В этот последний год он пытался написать то последнее, что еще казалось ему важным: о том, что бороться лучше, чем не бороться. Но его мучил вопрос: ну а если борьба безнадежна?.. Здесь было все: и идея природы, как главного врага человека, которого человек «не успел победить», и неминуемое исчезновение и человека с его разумом, и, может быть, вообще – всякой жизни на земле; и три миллиарда лет существования жизни на земле, которое оказалось ошибкой, и цитата из «Макбета» о том, что жизнь есть сказка, рассказанная идиотом, полная шума и бешенства, которая не значит ничего.
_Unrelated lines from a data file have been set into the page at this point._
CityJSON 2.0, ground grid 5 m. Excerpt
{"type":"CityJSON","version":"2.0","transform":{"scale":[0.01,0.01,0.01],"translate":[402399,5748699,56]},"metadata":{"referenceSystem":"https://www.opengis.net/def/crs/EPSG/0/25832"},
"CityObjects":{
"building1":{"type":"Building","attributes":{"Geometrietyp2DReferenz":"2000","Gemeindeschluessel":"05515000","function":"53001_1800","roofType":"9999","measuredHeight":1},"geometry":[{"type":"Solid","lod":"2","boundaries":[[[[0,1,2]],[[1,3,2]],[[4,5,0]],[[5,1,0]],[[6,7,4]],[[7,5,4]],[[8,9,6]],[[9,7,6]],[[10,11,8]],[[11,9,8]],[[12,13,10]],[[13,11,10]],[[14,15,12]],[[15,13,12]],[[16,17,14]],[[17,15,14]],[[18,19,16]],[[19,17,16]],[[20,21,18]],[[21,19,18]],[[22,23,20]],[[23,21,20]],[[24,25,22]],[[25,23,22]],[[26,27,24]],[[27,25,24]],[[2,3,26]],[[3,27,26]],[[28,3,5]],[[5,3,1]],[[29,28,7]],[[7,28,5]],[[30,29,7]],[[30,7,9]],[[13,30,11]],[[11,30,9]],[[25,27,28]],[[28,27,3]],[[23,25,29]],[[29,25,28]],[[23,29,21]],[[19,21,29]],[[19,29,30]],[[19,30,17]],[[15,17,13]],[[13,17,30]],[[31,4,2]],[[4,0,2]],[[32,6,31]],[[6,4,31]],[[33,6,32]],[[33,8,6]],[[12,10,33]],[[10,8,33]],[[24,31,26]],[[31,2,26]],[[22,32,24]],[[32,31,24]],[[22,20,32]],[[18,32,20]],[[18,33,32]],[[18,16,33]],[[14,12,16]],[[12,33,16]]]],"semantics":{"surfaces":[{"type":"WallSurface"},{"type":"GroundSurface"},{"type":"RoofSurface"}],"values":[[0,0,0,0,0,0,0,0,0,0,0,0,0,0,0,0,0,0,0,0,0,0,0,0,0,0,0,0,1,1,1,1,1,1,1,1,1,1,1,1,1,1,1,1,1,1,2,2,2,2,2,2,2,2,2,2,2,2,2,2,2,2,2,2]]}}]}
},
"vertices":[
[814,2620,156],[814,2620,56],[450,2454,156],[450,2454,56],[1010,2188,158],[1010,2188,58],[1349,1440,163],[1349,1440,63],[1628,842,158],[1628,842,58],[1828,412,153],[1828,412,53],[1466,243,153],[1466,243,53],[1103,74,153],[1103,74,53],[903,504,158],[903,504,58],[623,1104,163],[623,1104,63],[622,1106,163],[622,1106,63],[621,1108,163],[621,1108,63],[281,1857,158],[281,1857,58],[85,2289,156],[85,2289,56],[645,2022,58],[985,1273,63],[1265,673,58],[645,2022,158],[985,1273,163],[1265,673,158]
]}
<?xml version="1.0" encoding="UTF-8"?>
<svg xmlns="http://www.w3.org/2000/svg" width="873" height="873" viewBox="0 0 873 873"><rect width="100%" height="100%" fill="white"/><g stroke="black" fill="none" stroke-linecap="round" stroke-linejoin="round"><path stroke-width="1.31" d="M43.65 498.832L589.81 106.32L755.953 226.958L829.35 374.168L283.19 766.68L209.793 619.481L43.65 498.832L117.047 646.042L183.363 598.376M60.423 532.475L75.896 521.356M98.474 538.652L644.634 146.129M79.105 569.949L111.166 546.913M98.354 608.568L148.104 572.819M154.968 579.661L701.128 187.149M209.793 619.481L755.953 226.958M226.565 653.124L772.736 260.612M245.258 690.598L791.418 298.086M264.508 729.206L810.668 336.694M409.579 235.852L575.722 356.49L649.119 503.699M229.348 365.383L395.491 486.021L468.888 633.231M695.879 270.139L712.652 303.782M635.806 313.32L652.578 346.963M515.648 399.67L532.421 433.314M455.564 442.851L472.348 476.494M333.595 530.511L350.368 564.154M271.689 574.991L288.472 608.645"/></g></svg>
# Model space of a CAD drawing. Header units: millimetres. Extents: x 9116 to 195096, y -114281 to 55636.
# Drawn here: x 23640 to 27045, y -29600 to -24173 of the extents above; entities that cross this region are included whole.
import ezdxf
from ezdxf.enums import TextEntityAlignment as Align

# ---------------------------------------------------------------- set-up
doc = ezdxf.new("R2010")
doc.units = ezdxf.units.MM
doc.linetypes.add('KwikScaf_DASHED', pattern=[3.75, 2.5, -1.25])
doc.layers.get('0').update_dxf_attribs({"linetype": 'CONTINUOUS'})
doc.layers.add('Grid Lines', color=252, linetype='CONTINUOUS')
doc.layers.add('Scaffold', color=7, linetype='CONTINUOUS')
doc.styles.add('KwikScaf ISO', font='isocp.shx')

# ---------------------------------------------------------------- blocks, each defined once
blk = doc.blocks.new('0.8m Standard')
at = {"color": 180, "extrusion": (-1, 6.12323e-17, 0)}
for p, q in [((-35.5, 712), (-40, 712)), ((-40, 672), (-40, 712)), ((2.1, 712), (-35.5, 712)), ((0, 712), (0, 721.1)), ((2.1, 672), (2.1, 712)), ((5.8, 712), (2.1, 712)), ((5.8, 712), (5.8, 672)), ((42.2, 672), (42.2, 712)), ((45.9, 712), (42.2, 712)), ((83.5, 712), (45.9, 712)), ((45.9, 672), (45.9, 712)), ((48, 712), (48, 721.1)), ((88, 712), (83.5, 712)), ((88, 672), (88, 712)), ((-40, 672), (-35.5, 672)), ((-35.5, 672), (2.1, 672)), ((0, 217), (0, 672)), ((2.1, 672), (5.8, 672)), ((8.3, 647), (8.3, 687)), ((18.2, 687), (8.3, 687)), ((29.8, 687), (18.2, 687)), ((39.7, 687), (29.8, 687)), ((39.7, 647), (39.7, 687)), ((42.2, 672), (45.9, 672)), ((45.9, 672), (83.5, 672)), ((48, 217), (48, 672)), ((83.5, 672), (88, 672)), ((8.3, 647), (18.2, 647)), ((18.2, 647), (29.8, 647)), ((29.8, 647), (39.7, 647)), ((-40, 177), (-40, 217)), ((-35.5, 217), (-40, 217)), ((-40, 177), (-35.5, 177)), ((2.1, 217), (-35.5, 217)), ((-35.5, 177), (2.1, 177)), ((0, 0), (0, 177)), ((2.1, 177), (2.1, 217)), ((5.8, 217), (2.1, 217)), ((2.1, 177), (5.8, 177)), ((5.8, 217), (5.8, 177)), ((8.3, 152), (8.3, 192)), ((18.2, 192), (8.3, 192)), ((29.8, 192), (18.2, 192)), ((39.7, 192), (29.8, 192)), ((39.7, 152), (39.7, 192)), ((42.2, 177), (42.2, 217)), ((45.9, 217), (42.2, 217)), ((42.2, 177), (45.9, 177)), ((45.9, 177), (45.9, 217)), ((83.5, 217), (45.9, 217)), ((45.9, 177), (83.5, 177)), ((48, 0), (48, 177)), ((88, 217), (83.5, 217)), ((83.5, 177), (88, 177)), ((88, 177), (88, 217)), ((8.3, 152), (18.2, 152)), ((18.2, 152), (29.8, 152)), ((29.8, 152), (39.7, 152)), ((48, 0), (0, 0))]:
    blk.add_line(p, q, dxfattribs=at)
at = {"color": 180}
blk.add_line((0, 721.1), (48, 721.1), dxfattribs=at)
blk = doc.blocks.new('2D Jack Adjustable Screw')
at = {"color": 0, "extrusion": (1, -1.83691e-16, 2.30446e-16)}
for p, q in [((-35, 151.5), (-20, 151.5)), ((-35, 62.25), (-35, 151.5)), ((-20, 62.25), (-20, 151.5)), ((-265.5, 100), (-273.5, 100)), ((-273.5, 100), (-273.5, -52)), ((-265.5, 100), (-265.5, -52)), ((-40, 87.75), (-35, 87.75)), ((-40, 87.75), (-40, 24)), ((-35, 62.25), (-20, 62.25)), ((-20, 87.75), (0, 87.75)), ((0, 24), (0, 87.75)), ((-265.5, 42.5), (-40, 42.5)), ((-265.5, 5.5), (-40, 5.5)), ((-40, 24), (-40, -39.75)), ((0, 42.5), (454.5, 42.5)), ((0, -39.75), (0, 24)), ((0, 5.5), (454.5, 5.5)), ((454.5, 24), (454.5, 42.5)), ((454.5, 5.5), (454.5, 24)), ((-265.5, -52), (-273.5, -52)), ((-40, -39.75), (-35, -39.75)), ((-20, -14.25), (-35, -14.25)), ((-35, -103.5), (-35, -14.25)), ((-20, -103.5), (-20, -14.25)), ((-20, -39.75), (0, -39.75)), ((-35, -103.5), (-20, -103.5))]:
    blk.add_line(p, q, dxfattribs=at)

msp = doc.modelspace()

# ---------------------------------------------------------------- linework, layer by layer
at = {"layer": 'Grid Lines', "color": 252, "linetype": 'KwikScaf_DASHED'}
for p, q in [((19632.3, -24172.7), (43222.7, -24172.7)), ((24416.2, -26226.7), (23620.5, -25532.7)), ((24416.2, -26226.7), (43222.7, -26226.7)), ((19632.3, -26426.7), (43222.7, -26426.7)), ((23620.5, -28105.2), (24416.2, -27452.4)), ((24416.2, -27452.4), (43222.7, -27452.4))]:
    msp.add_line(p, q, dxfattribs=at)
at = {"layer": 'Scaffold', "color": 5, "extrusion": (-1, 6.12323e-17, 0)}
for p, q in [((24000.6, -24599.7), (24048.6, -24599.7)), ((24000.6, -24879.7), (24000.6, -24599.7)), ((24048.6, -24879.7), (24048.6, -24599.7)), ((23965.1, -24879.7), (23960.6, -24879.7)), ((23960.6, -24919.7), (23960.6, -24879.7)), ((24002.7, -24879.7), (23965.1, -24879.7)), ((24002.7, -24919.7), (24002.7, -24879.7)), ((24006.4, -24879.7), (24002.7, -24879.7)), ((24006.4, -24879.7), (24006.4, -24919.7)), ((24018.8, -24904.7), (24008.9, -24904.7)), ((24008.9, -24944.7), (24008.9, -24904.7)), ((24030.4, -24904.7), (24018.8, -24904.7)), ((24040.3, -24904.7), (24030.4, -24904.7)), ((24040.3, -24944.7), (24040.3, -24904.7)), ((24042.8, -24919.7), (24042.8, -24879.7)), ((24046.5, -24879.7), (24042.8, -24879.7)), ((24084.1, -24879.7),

Оба сына – и Джип, и Энтони – старались утишить и утешить его в его последние месяцы, и потом уже, после его смерти, оба пытались по-разному оправдать его настроение, объяснив его каждый по-своему. Старший, профессор зоологии, сделал это в своем предисловии к последней исповеди Уэллса, где пытался объяснить читателям, что Уэллс, когда писал эти страницы («Дух в тупике»), был уже не тем человеком – писателем – мыслителем – пророком, которого знали его современники. Он ослабел физически, и постепенно ослабевало его сознание, и это было причиной стольких противоречий и неувязок в тексте. Одно из противоречий состоит в утверждении (в начале последнего текста Уэллса), что всякая жизнь во вселенной неминуемо кончится, и в другом (в конце текста) – что жизнь меняется, но никогда не кончается. Это дает автору комментария возможность предположить, что все не так уж страшно, и мрачно, и безнадежно в пророчествах его отца. Уэллс, по словам профессора зоологии, даже предполагал, что то «новое животное, которое появится когда-нибудь в будущем» (через миллионы лет), не будет похоже на человека, а будет совершеннее, и что человек в конце концов сыграл свою роль и должен быть заменен чем-то новым.